Do you have a link to that discord to access the said channel, once I paid a patreon?


----------



## ShadowOne333 (Jun 13, 2020)

KiiWii said:


> https://www.patreon.com/m4xwdev
> 
> Pay to play


Just as a reminder, the "pay to play" stuff is only for Patreon/Beta testers, since Patreon gives early access so they can help with beta testing and bug reports, the core being distributed is in NO way stable nor official atm, since beta builds change even by the day as long as m4xw is still working on it for a stable release,.

Once the core hits a stable enough point, m4xw will push the stable version to the buildbot so that everyone can play it freely in RA.


----------



## lordelan (Jun 13, 2020)

Jayinem81 said:


> Just go to Google and go to images, type in what you what, right click it save as image. Sometimes you might have to rename the extension such as .jpg. If it needs to be resized or cropped paint.net is a good program for that.


lol mate, I actually *know* where to find images in general.
I was asking for a specific source where all cover arts are collected by some sort of community in the same image resolution and naming convention and so on.
Just like in the libretro git repo I linked.


----------



## spotanjo3 (Jun 13, 2020)

azoreseuropa said:


> How do I enable 3DS Citra to read those arts boxes ? I enable other emulators and read their own art boxes .

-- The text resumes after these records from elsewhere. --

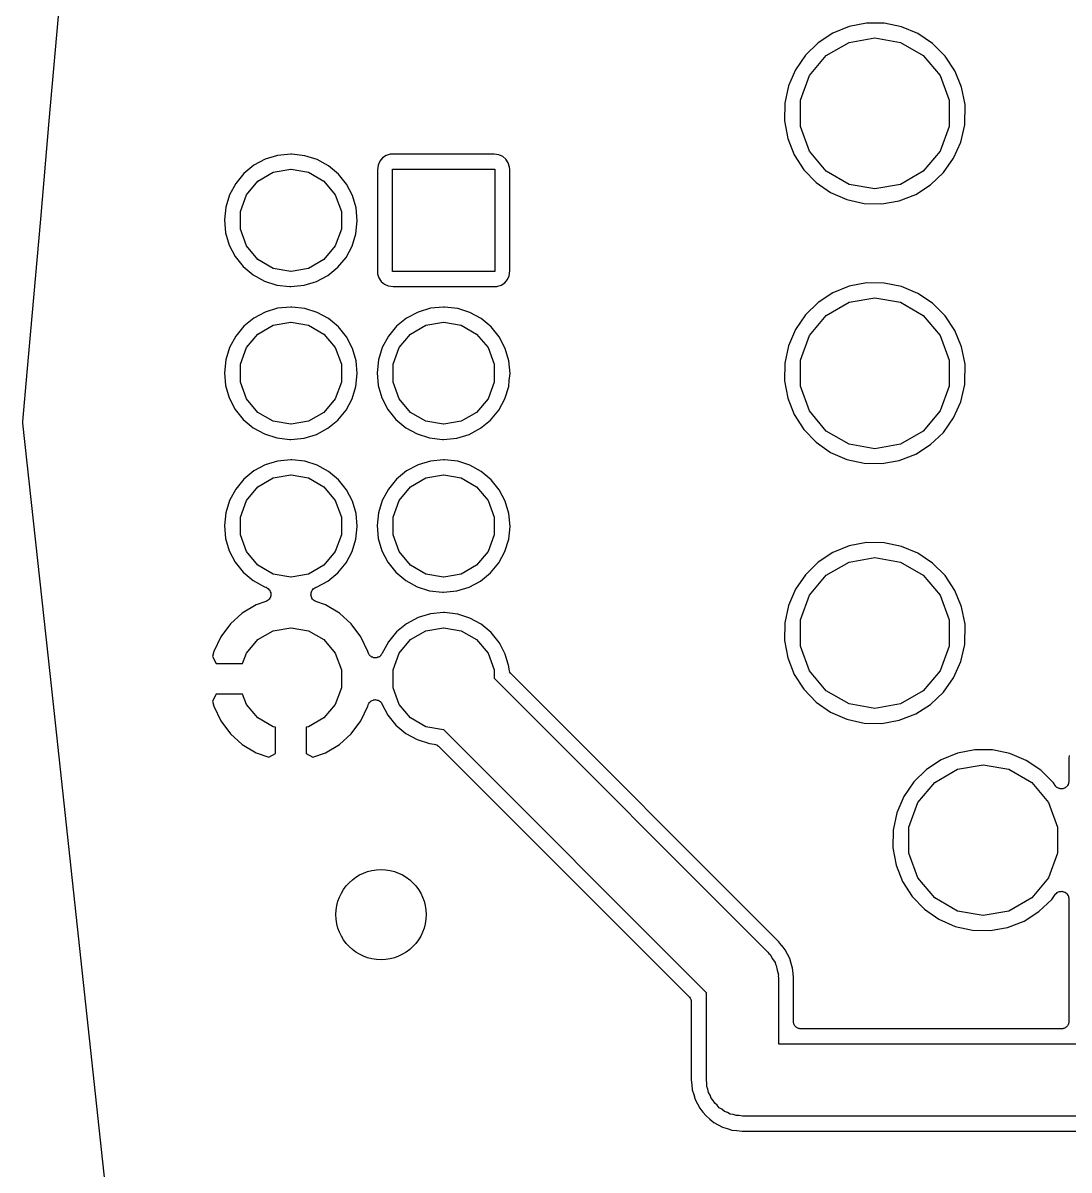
# Model space of a CAD drawing. Extents: x 70 to 229, y -105 to -40.
# Drawn here: x 70.24 to 87.64, y -73.25 to -54.18 of the extents above; entities that cross this region are included whole.
import ezdxf

# ---------------------------------------------------------------- set-up
doc = ezdxf.new("R2010")
doc.units = 0
doc.header["$MEASUREMENT"] = 0
doc.layers.add('BLACK', color=7, linetype='CONTINUOUS')

msp = doc.modelspace()

# ---------------------------------------------------------------- linework, layer by layer
at = {"layer": 'Black'}
for p, q in [((70.6823, -55.8077), (70.9844, -52.3637)), ((83.9864, -54.2361), (83.7137, -54.3463)), ((84.2754, -54.1809), (83.9864, -54.2361)), ((84.5696, -54.183), (84.2754, -54.1809)), ((84.8577, -54.2421), (84.5696, -54.183)), ((85.1289, -54.3561), (84.8577, -54.2421)), ((83.4675, -54.5073), (83.2574, -54.7131)), ((83.7137, -54.3463), (83.4675, -54.5073)), ((83.6054, -54.7208), (83.9828, -54.5029)), ((83.9828, -54.5029), (84.412, -54.4272)), ((84.412, -54.4272), (84.8412, -54.5029)), ((84.8412, -54.5029), (85.2186, -54.7208)), ((85.3728, -54.5206), (85.1289, -54.3561)), ((85.58, -54.7294), (85.3728, -54.5206)), ((83.2574, -54.7131), (83.0912, -54.9559)), ((83.3253, -55.0546), (83.6054, -54.7208)), ((85.2186, -54.7208), (85.4987, -55.0546)), ((85.7428, -54.9744), (85.58, -54.7294)), ((83.0912, -54.9559), (82.9753, -55.2262)), ((83.1763, -55.4641), (83.3253, -55.0546)), ((85.4987, -55.0546), (85.6477, -55.4641)), ((85.7481, -54.9873), (85.7428, -54.9744)), ((85.8549, -55.2464), (85.7481, -54.9873)), ((85.7481, -54.9873), (85.7481, -54.9873)), ((82.9753, -55.2262), (82.9141, -55.514)), ((85.9119, -55.534), (85.8549, -55.2464)), ((83.1763, -55.8999), (83.1763, -55.4641)), ((85.6477, -55.4641), (85.6477, -55.8999)), ((82.9141, -55.514), (82.91, -55.8081)), ((85.9072, -55.8718), (85.9119, -55.534)), ((70.539, -57.4405), (70.6823, -55.8077)), ((82.91, -55.8081), (82.9631, -56.0975)), ((83.3253, -56.3094), (83.1763, -55.8999)), ((85.6477, -55.8999), (85.4987, -56.3094)), ((85.8422, -56.1578), (85.9072, -55.8718)), ((82.9631, -56.0975), (83.0714, -56.371)), ((85.7226, -56.4265), (85.8422, -56.1578)), ((74.4805, -56.3815), (74.2751, -56.4436)), ((74.7002, -56.36), (74.4805, -56.3815)), ((74.7055, -56.36), (74.7002, -56.36)), ((74.7156, -56.3601), (74.7055, -56.36)), ((74.9345, -56.3846), (74.7156, -56.3601)), ((75.139, -56.4495), (74.9345, -56.3846)), ((76.2241, -56.4223), (76.1783, -56.4759)), ((76.2829, -56.3835), (76.2241, -56.4223)), ((76.354, -56.3615), (76.2829, -56.3835)), ((76.395, -56.3582), (76.354, -56.3615)), ((78.0812, -56.3582), (76.395, -56.3582)), ((78.1598, -56.3694), (78.0812, -56.3582)), ((78.2241, -56.3983), (78.1598, -56.3694)), ((78.2777, -56.4441), (78.2241, -56.3983)), ((83.0714, -56.371), (83.2308, -56.6182)), ((83.6054, -56.6432), (83.3253, -56.3094)), ((85.4987, -56.3094), (85.2186, -56.6432)), ((85.553, -56.6669), (85.7226, -56.4265)), ((74.0857, -56.5443), (73.9194, -56.6799)), ((74.2751, -56.4436), (74.0857, -56.5443)), ((74.406, -56.6613), (74.6968, -56.61)), ((74.6968, -56.61), (74.7032, -56.61)), ((74.7032, -56.61), (74.994, -56.6613)), ((75.3271, -56.5529), (75.139, -56.4495)), ((75.4914, -56.6908), (75.3271, -56.5529)), ((76.1494, -56.5402), (76.1382, -56.6188)), ((76.1382, -56.6188), (76.1382, -58.305)), ((76.1783, -56.4759), (76.1494, -56.5402)), ((76.39, -58.31), (76.39, -56.61)), ((76.39, -56.61), (78.09, -56.61)), ((78.09, -56.61), (78.09, -58.31)), ((78.3165, -56.5029), (78.2777, -56.4441)), ((78.3385, -56.574), (78.3165, -56.5029)), ((78.3418, -56.615), (78.3385, -56.574)), ((78.3418, -58.3012), (78.3418, -56.615)), ((83.2308, -56.6182), (83.4351, -56.8298)), ((73.9194, -56.6799), (73.7826, -56.8452)), ((73.9606, -57.035), (74.1504, -56.8089)), ((74.1504, -56.8089), (74.406, -56.6613)), ((74.994, -56.6613), (75.2496, -56.8089)), ((75.2496, -56.8089), (75.4394, -57.035)), ((75.6259, -56.858), (75.4914, -56.6908)), ((83.9828, -56.8611), (83.6054, -56.6432)), ((85.2186, -56.6432), (84.8412, -56.8611)), ((85.34, -56.8697), (85.553, -56.6669)), ((73.7826, -56.8452), (73.6806, -57.034)), ((75.7253, -57.0482), (75.6259, -56.858)), ((83.4351, -56.8298), (83.6767, -56.9977)), ((83.6767, -56.9977), (83.9462, -57.1155)), ((84.412, -56.9368), (83.9828, -56.8611)), ((84.8412, -56.8611), (84.412, -56.9368)), ((85.0916, -57.0274), (85.34, -56.8697)), ((73.6806, -57.034), (73.6171, -57.2389)), ((73.8597, -57.3124), (73.9606, -57.035)), ((75.4394, -57.035), (75.5403, -57.3124)), ((75.7859, -57.254), (75.7253, -57.0482)), ((83.9462, -57.1155), (84.2335, -57.1787)), ((84.2335, -57.1787), (84.5276, -57.1848)), ((84.5276, -57.1848), (84.8173, -57.1337)), ((84.8173, -57.1337), (85.0916, -57.0274)), ((73.6171, -57.2389), (73.5947, -57.4523)), ((73.8597, -57.6076), (73.8597, -57.3124)), ((75.5403, -57.3124), (75.5403, -57.6076)), ((75.8053, -57.4677), (75.7859, -57.254)), ((70.3162, -59.9805), (70.539, -57.4405)), ((70.539, -57.4405), (70.539, -57.4405)), ((73.5947, -57.4523), (73.6141, -57.666)), ((75.7829, -57.6811), (75.8053, -57.4677)), ((73.6141, -57.666), (73.6747, -57.8718)), ((73.9606, -57.885), (73.8597, -57.6076)), ((75.5403, -57.6076), (75.4394, -57.885)), ((75.7194, -57.886), (75.7829, -57.6811)), ((73.6747, -57.8718), (73.7741, -58.062)), ((74.1504, -58.1111), (73.9606, -57.885)), ((75.4394, -57.885), (75.2496, -58.1111)), ((75.6174, -58.0748), (75.7194, -57.886)), ((73.7741, -58.062), (73.9086, -58.2292)), ((74.406, -58.2587), (74.1504, -58.1111)), ((75.2496, -58.1111), (74.994, -58.2587)), ((75.4806, -58.2401), (75.6174, -58.0748)), ((73.9086, -58.2292), (74.0729, -58.3671)), ((74.6968, -58.31), (74.406, -58.2587)), ((74.7032, -58.31), (74.6968, -58.31)), ((74.994, -58.2587), (74.7032, -58.31)), ((75.3143, -58.3757), (75.4806, -58.2401)), ((76.1382, -58.305), (76.1415, -58.346)), ((78.09, -58.31), (76.39, -58.31)), ((78.3306, -58.3798), (78.3418, -58.3012)), ((74.0729, -58.3671), (74.261, -58.4705)), ((74.261, -58.4705), (74.4655, -58.5354)), ((74.4655, -58.5354), (74.6844, -58.5599)), ((74.9195, -58.5385), (75.1249, -58.4764)), ((75.1249, -58.4764), (75.3143, -58.3757)), ((76.1415, -58.346), (76.1635, -58.4171)), ((76.1635, -58.4171), (76.2023, -58.4759)), ((76.2023, -58.4759), (76.2559, -58.5217)), ((76.2559, -58.5217), (76.3202, -58.5506)), ((78.1971, -58.5365), (78.2559, -58.4977)), ((78.2559, -58.4977), (78.3017, -58.4441)), ((78.3017, -58.4441), (78.3306, -58.3798)), ((84.2754, -58.4989), (83.9864, -58.5541)), ((84.5696, -58.501), (84.2754, -58.4989)), ((84.8577, -58.5601), (84.5696, -58.501)), ((74.6844, -58.5599), (74.6945, -58.56)), ((74.6945, -58.56), (74.6998, -58.56)), ((74.6998, -58.56), (74.9195, -58.5385)), ((76.3202, -58.5506), (76.3988, -58.5618)), ((76.3988, -58.5618), (78.085, -58.5618)), ((78.085, -58.5618), (78.126, -58.5585)), ((78.126, -58.5585), (78.1971, -58.5365)), ((83.7137, -58.6643), (83.4675, -58.8253)), ((83.9864, -58.5541), (83.7137, -58.6643)), ((85.1289, -58.6741), (84.8577, -58.5601)), ((85.3728, -58.8386), (85.1289, -58.6741)), ((74.7002, -58.9), (74.4805, -58.9215)), ((74.7055, -58.9), (74.7002, -58.9)), ((74.7156, -58.9001), (74.7055, -58.9)), ((74.9345, -58.9246), (74.7156, -58.9001)), ((77.2402, -58.9), (77.0205, -58.9215)), ((77.2455, -58.9), (77.2402, -58.9)), ((77.2556, -58.9001), (77.2455, -58.9)), ((77.4745, -58.9246), (77.2556, -58.9001)), ((83.4675, -58.8253), (83.2574, -59.0311)), ((83.6054, -59.0388), (83.9828, -58.8209)), ((83.9828, -58.8209), (84.412, -58.7452)), ((84.412, -58.7452), (84.8412, -58.8209)), ((84.8412, -58.8209), (85.2186, -59.0388)), ((85.58, -59.0474), (85.3728, -58.8386)), ((74.0857, -59.0843), (73.9194, -59.2199)), ((74.2751, -58.9836), (74.0857, -59.0843)), ((74.4805, -58.9215), (74.2751, -58.9836)), ((75.139, -58.9895), (74.9345, -58.9246)), ((75.3271, -59.0929), (75.139, -58.9895)), ((75.4914, -59.2308), (75.3271, -59.0929)), ((76.6257, -59.0843), (76.4594, -59.2199)), ((76.8151, -58.9836), (76.6257, -59.0843)), ((77.0205, -58.9215), (76.8151, -58.9836)), ((77.679, -58.9895), (77.4745, -58.9246)), ((77.8671, -59.0929), (77.679, -58.9895)), ((78.0314, -59.2308), (77.8671, -59.0929)), ((83.2574, -59.0311), (83.0912, -59.2739)), ((83.3253, -59.3726), (83.6054, -59.0388)), ((85.2186, -59.0388), (85.4987, -59.3726)), ((85.7428, -59.2924), (85.58, -59.0474)), ((73.9194, -59.2199), (73.7826, -59.3852)), ((74.1504, -59.3489), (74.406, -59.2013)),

Hello ? This is not my screenshot but that is an example and I want Citra to be on it so it can read 3DS art boxes. See those consoles/portable icons ? I have those but not Citra icon. How ?


----------



## lordelan (Jun 14, 2020)

azoreseuropa said:


> Hello ? This is not my screenshot but that is an example and I want Citra to be on it so it can read 3DS art boxes. See those consoles/portable icons ? I have those but not Citra icon. How ? View attachment 213264


Load the Citra core first. Then try to scan a directory with 3DS games.
If that doesn't work, use playlist buddy.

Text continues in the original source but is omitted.